Un dato curioso, o no tanto, un detalle preocupante: desde que comenzó Gran Hermano bajó el rating de todos los noticieros de la televisión española.

cinco Pensar en Gran Hermano como la avanzada de una nueva forma de televisión que ha llegado para quedarse. Poco cuesta y duele mucho pensar en la seguramente cercana aproximación argentina a la bestia: ¿encerrar juntos a víctimas de la dictadura con militares retirados? ¿A hinchas de Boca y de River? ¿A ex vedettes? ¿A ex parejas? La televisión “verdadera” y barata. Meses atrás, una norteamericana se casó en directo con un millonario como premio de un concurso, para anular el matrimonio a los pocos días y ahora ser tapa y desnudo central de Playboy.
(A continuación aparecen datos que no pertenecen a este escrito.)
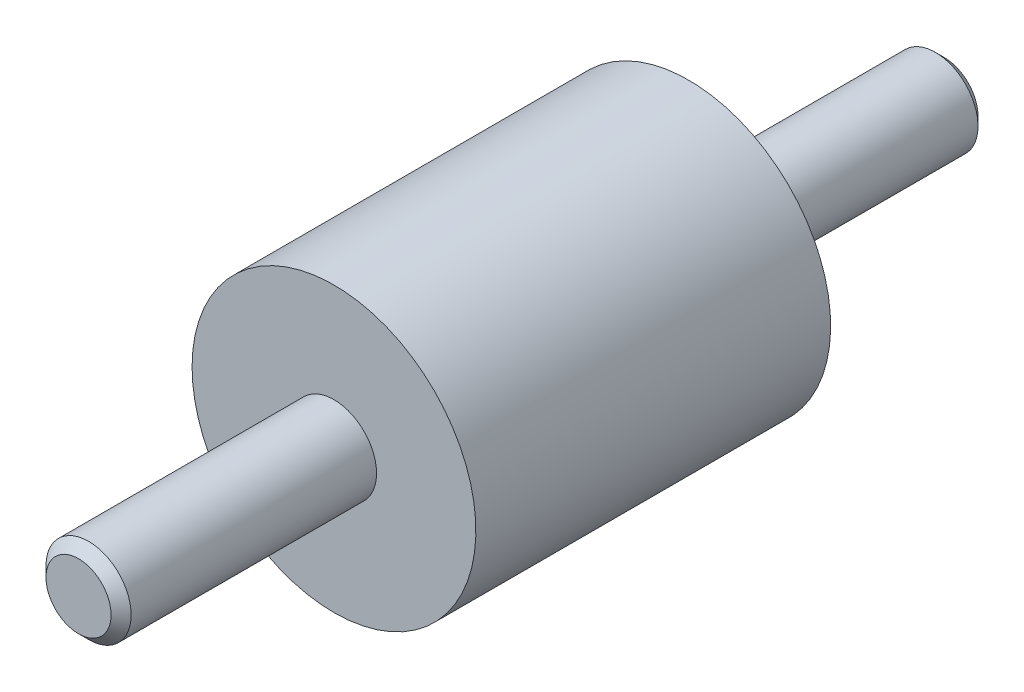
ISO-10303-21;
HEADER;
FILE_DESCRIPTION(('STEP AP214'),'2;1');
FILE_NAME('part.step','',(''),(''),'','','');
FILE_SCHEMA(('AUTOMOTIVE_DESIGN { 1 0 10303 214 1 1 1 1 }'));
ENDSEC;
DATA;
#1=APPLICATION_CONTEXT('core data for automotive mechanical design processes');
#2=APPLICATION_PROTOCOL_DEFINITION('international standard','automotive_design',2000,#1);
#3=PRODUCT_CONTEXT('',#1,'mechanical');
#4=PRODUCT('Part','Part','',(#3));
#5=PRODUCT_RELATED_PRODUCT_CATEGORY('part','',(#4));
#6=PRODUCT_DEFINITION_FORMATION('','',#4);
#7=PRODUCT_DEFINITION_CONTEXT('part definition',#1,'design');
#8=PRODUCT_DEFINITION('design','',#6,#7);
#9=PRODUCT_DEFINITION_SHAPE('','',#8);
#10=(LENGTH_UNIT() NAMED_UNIT(*) SI_UNIT(.MILLI.,.METRE.));
#11=(NAMED_UNIT(*) PLANE_ANGLE_UNIT() SI_UNIT($,.RADIAN.));
#12=(NAMED_UNIT(*) SI_UNIT($,.STERADIAN.) SOLID_ANGLE_UNIT());
#13=UNCERTAINTY_MEASURE_WITH_UNIT(LENGTH_MEASURE(1.E-05),#10,'distance_accuracy_value','');
#14=(GEOMETRIC_REPRESENTATION_CONTEXT(3) GLOBAL_UNCERTAINTY_ASSIGNED_CONTEXT((#13)) GLOBAL_UNIT_ASSIGNED_CONTEXT((#10,
#11,#12)) REPRESENTATION_CONTEXT('',''));
#15=CARTESIAN_POINT('',(0.,0.,0.));
#16=DIRECTION('',(0.,0.,1.));
#17=DIRECTION('',(1.,0.,0.));
#18=AXIS2_PLACEMENT_3D('',#15,#16,#17);
#19=CARTESIAN_POINT('',(0.,0.,0.5));
#20=DIRECTION('',(0.,0.,1.));
#21=DIRECTION('',(0.,-1.,0.));
#22=AXIS2_PLACEMENT_3D('',#19,#20,#21);
#23=CYLINDRICAL_SURFACE('',#22,10.);
#24=CARTESIAN_POINT('',(0.,0.,0.));
#25=DIRECTION('',(0.,0.,1.));
#26=DIRECTION('',(0.,-1.,0.));
#27=AXIS2_PLACEMENT_3D('',#24,#25,#26);
#28=CIRCLE('',#27,10.);
#29=CARTESIAN_POINT('',(0.,-10.,0.));
#30=VERTEX_POINT('',#29);
#31=EDGE_CURVE('E22',#30,#30,#28,.T.);
#32=ORIENTED_EDGE('',*,*,#31,.T.);
#33=EDGE_LOOP('',(#32));
#34=FACE_BOUND('',#33,.T.);
#35=CARTESIAN_POINT('',(0.,0.,25.));
#36=DIRECTION('',(0.,0.,-1.));
#37=DIRECTION('',(-1.,0.,0.));
#38=AXIS2_PLACEMENT_3D('',#35,#36,#37);
#39=CIRCLE('',#38,10.);
#40=CARTESIAN_POINT('',(-10.,0.,25.));
#41=VERTEX_POINT('',#40);
#42=EDGE_CURVE('E34',#41,#41,#39,.T.);
#43=ORIENTED_EDGE('',*,*,#42,.T.);
#44=EDGE_LOOP('',(#43));
#45=FACE_BOUND('',#44,.T.);
#46=ADVANCED_FACE('F12',(#34,#45),#23,.T.);
#47=CARTESIAN_POINT('',(10.,0.,0.));
#48=DIRECTION('',(0.,0.,-1.));
#49=DIRECTION('',(0.,1.,0.));
#50=AXIS2_PLACEMENT_3D('',#47,#48,#49);
#51=PLANE('',#50);
#52=CARTESIAN_POINT('',(0.,0.,0.));
#53=DIRECTION('',(0.,0.,-1.));
#54=DIRECTION('',(0.,1.,0.));
#55=AXIS2_PLACEMENT_3D('',#52,#53,#54);
#56=CIRCLE('',#55,3.);
#57=CARTESIAN_POINT('',(0.,3.,0.));
#58=VERTEX_POINT('',#57);
#59=EDGE_CURVE('E18',#58,#58,#56,.T.);
#60=ORIENTED_EDGE('',*,*,#59,.F.);
#61=EDGE_LOOP('',(#60));
#62=FACE_BOUND('',#61,.T.);
#63=ORIENTED_EDGE('',*,*,#31,.F.);
#64=EDGE_LOOP('',(#63));
#65=FACE_BOUND('',#64,.T.);
#66=ADVANCED_FACE('F57',(#62,#65),#51,.T.);
#67=CARTESIAN_POINT('',(0.,0.,-18.));
#68=DIRECTION('',(0.,0.,1.));
#69=DIRECTION('',(0.,-1.,0.));
#70=AXIS2_PLACEMENT_3D('',#67,#68,#69);
#71=CYLINDRICAL_SURFACE('',#70,3.);
#72=CARTESIAN_POINT('',(0.,0.,-17.3865));
#73=DIRECTION('',(0.,0.,1.));
#74=DIRECTION('',(0.,-1.,0.));
#75=AXIS2_PLACEMENT_3D('',#72,#73,#74);
#76=CIRCLE('',#75,3.);
#77=CARTESIAN_POINT('',(0.,-3.,-17.3865));
#78=VERTEX_POINT('',#77);
#79=EDGE_CURVE('E26',#78,#78,#76,.T.);
#80=ORIENTED_EDGE('',*,*,#79,.T.);
#81=EDGE_LOOP('',(#80));
#82=FACE_BOUND('',#81,.T.);
#83=ORIENTED_EDGE('',*,*,#59,.T.);
#84=EDGE_LOOP('',(#83));
#85=FACE_BOUND('',#84,.T.);
#86=ADVANCED_FACE('F62',(#82,#85),#71,.T.);
#87=CARTESIAN_POINT('',(0.,0.,-17.3865));
#88=DIRECTION('',(0.,0.,1.));
#89=DIRECTION('',(0.,-1.,0.));
#90=AXIS2_PLACEMENT_3D('',#87,#88,#89);
#91=CONICAL_SURFACE('',#90,3.,0.785398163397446);
#92=CARTESIAN_POINT('',(0.,0.,-18.));
#93=DIRECTION('',(0.,0.,1.));
#94=DIRECTION('',(0.,-1.,0.));
#95=AXIS2_PLACEMENT_3D('',#92,#93,#94);
#96=CIRCLE('',#95,2.3865);
#97=CARTESIAN_POINT('',(0.,-2.3865,-18.));
#98=VERTEX_POINT('',#97);
#99=EDGE_CURVE('E31',#98,#98,#96,.T.);
#100=ORIENTED_EDGE('',*,*,#99,.T.);
#101=EDGE_LOOP('',(#100));
#102=FACE_BOUND('',#101,.T.);
#103=ORIENTED_EDGE('',*,*,#79,.F.);
#104=EDGE_LOOP('',(#103));
#105=FACE_BOUND('',#104,.T.);
#106=ADVANCED_FACE('F78',(#102,#105),#91,.T.);
#107=CARTESIAN_POINT('',(2.3865,0.,-18.));
#108=DIRECTION('',(0.,0.,-1.));
#109=DIRECTION('',(0.,1.,0.));
#110=AXIS2_PLACEMENT_3D('',#107,#108,#109);
#111=PLANE('',#110);
#112=ORIENTED_EDGE('',*,*,#99,.F.);
#113=EDGE_LOOP('',(#112));
#114=FACE_BOUND('',#113,.T.);
#115=ADVANCED_FACE('F70',(#114),#111,.T.);
#116=CARTESIAN_POINT('',(0.,10.,25.));
#117=DIRECTION('',(0.,0.,1.));
#118=DIRECTION('',(1.,0.,0.));
#119=AXIS2_PLACEMENT_3D('',#116,#117,#118);
#120=PLANE('',#119);
#121=CARTESIAN_POINT('',(0.,0.,25.));
#122=DIRECTION('',(0.,0.,1.));
#123=DIRECTION('',(1.,0.,0.));
#124=AXIS2_PLACEMENT_3D('',#121,#122,#123);
#125=CIRCLE('',#124,3.);
#126=CARTESIAN_POINT('',(3.,0.,25.));
#127=VERTEX_POINT('',#126);
#128=EDGE_CURVE('E8',#127,#127,#125,.F.);
#129=ORIENTED_EDGE('',*,*,#128,.T.);
#130=EDGE_LOOP('',(#129));
#131=FACE_BOUND('',#130,.T.);
#132=ORIENTED_EDGE('',*,*,#42,.F.);
#133=EDGE_LOOP('',(#132));
#134=FACE_BOUND('',#133,.T.);
#135=ADVANCED_FACE('F68',(#131,#134),#120,.T.);
#136=CARTESIAN_POINT('',(0.,0.,15.));
#137=DIRECTION('',(0.,0.,1.));
#138=DIRECTION('',(0.,-1.,0.));
#139=AXIS2_PLACEMENT_3D('',#136,#137,#138);
#140=CYLINDRICAL_SURFACE('',#139,3.);
#141=ORIENTED_EDGE('',*,*,#128,.F.);
#142=EDGE_LOOP('',(#141));
#143=FACE_BOUND('',#142,.T.);
#144=CARTESIAN_POINT('',(0.,0.,42.2938023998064));
#145=DIRECTION('',(0.,0.,-1.));
#146=DIRECTION('',(-1.,0.,0.));
#147=AXIS2_PLACEMENT_3D('',#144,#145,#146);
#148=CIRCLE('',#147,3.);
#149=CARTESIAN_POINT('',(-3.,0.,42.2938023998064));
#150=VERTEX_POINT('',#149);
#151=EDGE_CURVE('E37',#150,#150,#148,.T.);
#152=ORIENTED_EDGE('',*,*,#151,.T.);
#153=EDGE_LOOP('',(#152));
#154=FACE_BOUND('',#153,.T.);
#155=ADVANCED_FACE('F54',(#143,#154),#140,.T.);
#156=CARTESIAN_POINT('',(0.,0.,42.2938023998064));
#157=DIRECTION('',(0.,0.,-1.));
#158=DIRECTION('',(-1.,0.,0.));
#159=AXIS2_PLACEMENT_3D('',#156,#157,#158);
#160=CONICAL_SURFACE('',#159,3.,0.785398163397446);
#161=CARTESIAN_POINT('',(0.,0.,43.));
#162=DIRECTION('',(0.,0.,-1.));
#163=DIRECTION('',(-1.,0.,0.));
#164=AXIS2_PLACEMENT_3D('',#161,#162,#163);
#165=CIRCLE('',#164,2.29380239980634);
#166=CARTESIAN_POINT('',(-2.29380239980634,0.,43.));
#167=VERTEX_POINT('',#166);
#168=EDGE_CURVE('E40',#167,#167,#165,.T.);
#169=ORIENTED_EDGE('',*,*,#168,.T.);
#170=EDGE_LOOP('',(#169));
#171=FACE_BOUND('',#170,.T.);
#172=ORIENTED_EDGE('',*,*,#151,.F.);
#173=EDGE_LOOP('',(#172));
#174=FACE_BOUND('',#173,.T.);
#175=ADVANCED_FACE('F44',(#171,#174),#160,.T.);
#176=CARTESIAN_POINT('',(0.,2.29380239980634,43.));
#177=DIRECTION('',(0.,0.,1.));
#178=DIRECTION('',(1.,0.,0.));
#179=AXIS2_PLACEMENT_3D('',#176,#177,#178);
#180=PLANE('',#179);
#181=ORIENTED_EDGE('',*,*,#168,.F.);
#182=EDGE_LOOP('',(#181));
#183=FACE_BOUND('',#182,.T.);
#184=ADVANCED_FACE('F47',(#183),#180,.T.);
#185=CLOSED_SHELL('',(#46,#66,#86,#106,#115,#135,#155,#175,#184));
#186=MANIFOLD_SOLID_BREP('B1',#185);
#187=ADVANCED_BREP_SHAPE_REPRESENTATION('',(#18,#186),#14);
#188=SHAPE_DEFINITION_REPRESENTATION(#9,#187);
ENDSEC;
END-ISO-10303-21;

Detrás de todo esto viene Sobrevivir (diez hombres y diez mujeres arrojados a una isla desierta para que se las arreglen como puedan) y Encadenados (una mujer y cuatro hombres o cuatro mujeres y un hombre pasan cinco días unidos por pesados grilletes de hierro que intimidarían hasta a Houdini) y, mientras tanto, ahí están esos sites domésticos en la red, donde parejas alquilan su intimidad al mejor postor. El tipo de cosas que miraba en su televisor gigante la mujer sonámbula del bombero incendiario en Fahrenheit 451. El ministro del Interior alemán Otto Schilly acaba de elevar el pedido de inconstitucionalidad para todo el asunto amparado en el primer artículo de la Carta Magna de su país: garantizar la dignidad de las personas. Varios rivales políticos y correligionarios le preguntaron si no estaba exagerando un poco. Mientras tanto, Bart, el ganador de la versión holandesa y original de Gran Hermano, que perdió 14 kilos durante su larga estadía dentro de su casa y su programa, visita España y recuerda su mágica experiencia de alguna vez desempleado y ahora disc-jockey famoso. El tape de su salida triunfal de la casa lo muestra rodeado por multitudes y fuegos artificiales luego de haber hecho el amor con Sabine frente a las cámaras (y debajo de una frazada) y de haber vencido a todos sus amigos. En las imágenes, Bart alza los brazos como un Mesías resucitado. Ahora, cuando le preguntan qué fue lo más duro del encierro, bosteza y responde: “El enorme aburrimiento”. Le preguntan por Sabine, su amor mediático. “No he vuelto a verla”, contesta como si hablara de otro programa de televisión.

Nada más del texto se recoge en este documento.